Library to convert DBT manifest metadata to Airflow tasks
Read the full documentation at https://dbt-airflow-factory.readthedocs.io/
Use the package manager pip to install the library:
pip install dbt-airflow-factory
The library is expected to be used inside an Airflow environment with a Kubernetes image referencing dbt.
dbt-airflow-factory's main task is to parse manifest.json
and create Airflow DAG out of it. It also reads config
files from config
directory and therefore is highly customizable (e.g., user can set path to manifest.json
).
To start, create a directory with a following structure, where manifest.json
is a file generated by dbt:
.
├── config
│ ├── base
│ │ ├── airflow.yml
│ │ ├── dbt.yml
│ │ └── k8s.yml
│ └── dev
│ └── dbt.yml
├── dag.py
└── manifest.json
Then, put the following code into dag.py
:
from dbt_airflow_factory.airflow_dag_factory import AirflowDagFactory
from os import path
dag = AirflowDagFactory(path.dirname(path.abspath(__file__)), "dev").create()

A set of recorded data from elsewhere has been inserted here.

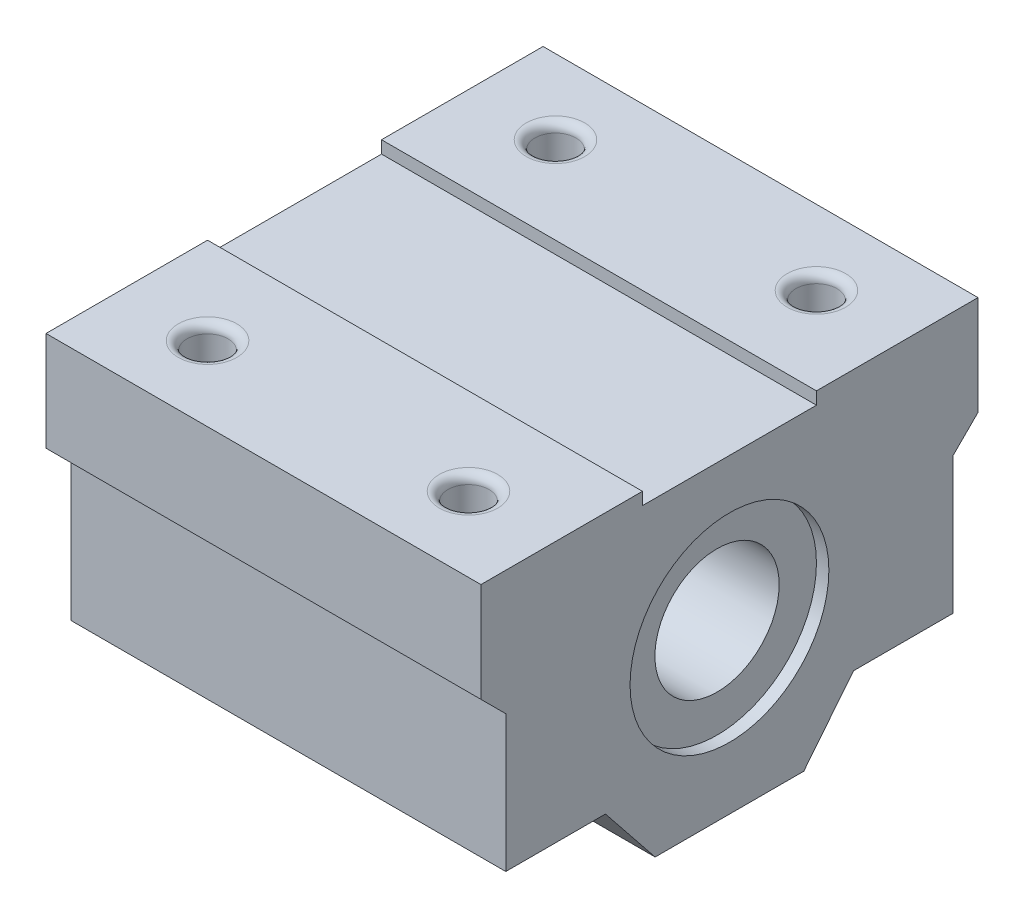
SolidWorks part; units mm, degrees
ref_plane "Front Plane" through (0, 0, 0) normal (0, 0, 1) x (1, 0, 0)
ref_plane "Top Plane" through (0, 0, 0) normal (0, 1, 0) x (1, 0, 0)
ref_plane "Right Plane" through (0, 0, 0) normal (1, 0, 0) x (0, 0, -1)
sketch "Sketch1" plane through (0, 0, 0) normal (1, 0, 0) x (0, 0, -1)
  line L0 (-20, 26) -> (-7, 26)
  line L1 (-5.9801, 0) -> (5.9801, 0)
  line L2 (5.9801, 0) -> (9.9801, 5)
  line L3 (9.9801, 5) -> (18, 5)
  line L4 (18, 5) -> (18, 16)
  line L5 (18, 16) -> (20, 18)
  line L6 (20, 18) -> (20, 26)
  line L7 (0, 0) -> (0, 32.3281) construction
  line L8 (-5.9801, 0) -> (-9.9801, 5)
  line L9 (-9.9801, 5) -> (-18, 5)
  line L10 (-18, 5) -> (-18, 16)
  line L11 (-18, 16) -> (-20, 18)
  line L12 (-20, 18) -> (-20, 26)
  line L17 (-7, 25) -> (7, 25)
  line L18 (-7, 25) -> (-7, 26)
  line L21 (7, 25) -> (7, 26)
  line L22 (7, 26) -> (20, 26)
  dimension "D1" = 40
  dimension "D2" = 20
  dimension "D3" = 26
  dimension "D4" = 21
  dimension "D5" = 2
  dimension "D6" = 2
  dimension "D7" = 8
  dimension "D8" = 4
  dimension "D9" = 8
  dimension "D10" = 21
  dimension "D15" = 1
extrude "Boss-Extrude1" add sketch "Sketch1" along normal mid plane 35
sketch "Sketch2" plane through (17.5, 0, 0) normal (1, 0, 0) x (0, 0, -1)
  line L0 (-18.9525, 22) -> (20.4204, 22) construction
  line L1 (-20, 26) -> (-20, 18) construction
  line L5 (20, 26) -> (7, 26) construction
  circle A0 centre (0, 13) radius 5
  dimension "D2" = 20
  dimension "D1" = 10
  dimension "D3" = 13
extrude "Cut-Extrude1" cut sketch "Sketch2" against normal through all
sketch "Sketch3" plane through (0, 26, 0) normal (0, 1, 0) x (1, 0, 0)
  line L0 (17.5, 20) -> (-17.5, 20) construction
  line L1 (17.5, 20) -> (-17.5, 20) construction
  line L3 (-17.5, 20) -> (-17.5, 7) construction
  circle A0 centre (-10.5, 14) radius 1.65
  circle A1 centre (10.5, 14) radius 1.65
  circle A2 centre (10.5, -14) radius 1.65
  circle A3 centre (-10.5, -14) radius 1.65
  dimension "D5" = 3.3
  dimension "D1" = 28
  dimension "D2" = 6
  dimension "D3" = 6
  dimension "D8" = 7
  dimension "D4" = 28
  dimension "D6" = 21
  dimension "D7" = 21
extrude "Cut-Extrude2" cut sketch "Sketch3" against normal through all
fillet "Fillet1" radius 0.7 4 edges at (-10.5, 26, -12.35) (10.5, 26, -12.35) (10.5, 26, 15.65) (-10.5, 26, 15.65)
sketch "Sketch8" plane through (17.5, 0, 0) normal (1, 0, 0) x (0, 0, -1)
  circle A0 centre (0, 13) radius 8
  dimension "D1" = 16
extrude "Cut-Extrude5" cut sketch "Sketch8" against normal blind 1
mirror "Mirror3" about plane through (0, 0, 0) normal (1, 0, 0) of "Cut-Extrude5"

When uploaded to Airflow DAGs directory, it will get picked up by Airflow, parse manifest.json
and prepare a DAG to run.
It is best to look up the example configuration files in tests directory to get a glimpse of correct configs.
You can use Airflow template variables in your dbt.yml
and k8s.yml
files, as long as they are inside
quotation marks:
target: "{{ var.value.env }}"
some_other_field: "{{ ds_nodash }}"
Analogously, you can use "{{ var.value.VARIABLE_NAME }}"
in airflow.yml
, but only the Airflow variable getter.
Any other Airflow template variables will not work in airflow.yml
.
DBT Airflow Factory works best in tandem with data-pipelines-cli tool. dp not only prepares directory for the library to digest, but also automates Docker image building and pushes generated directory to the cloud storage of your choice.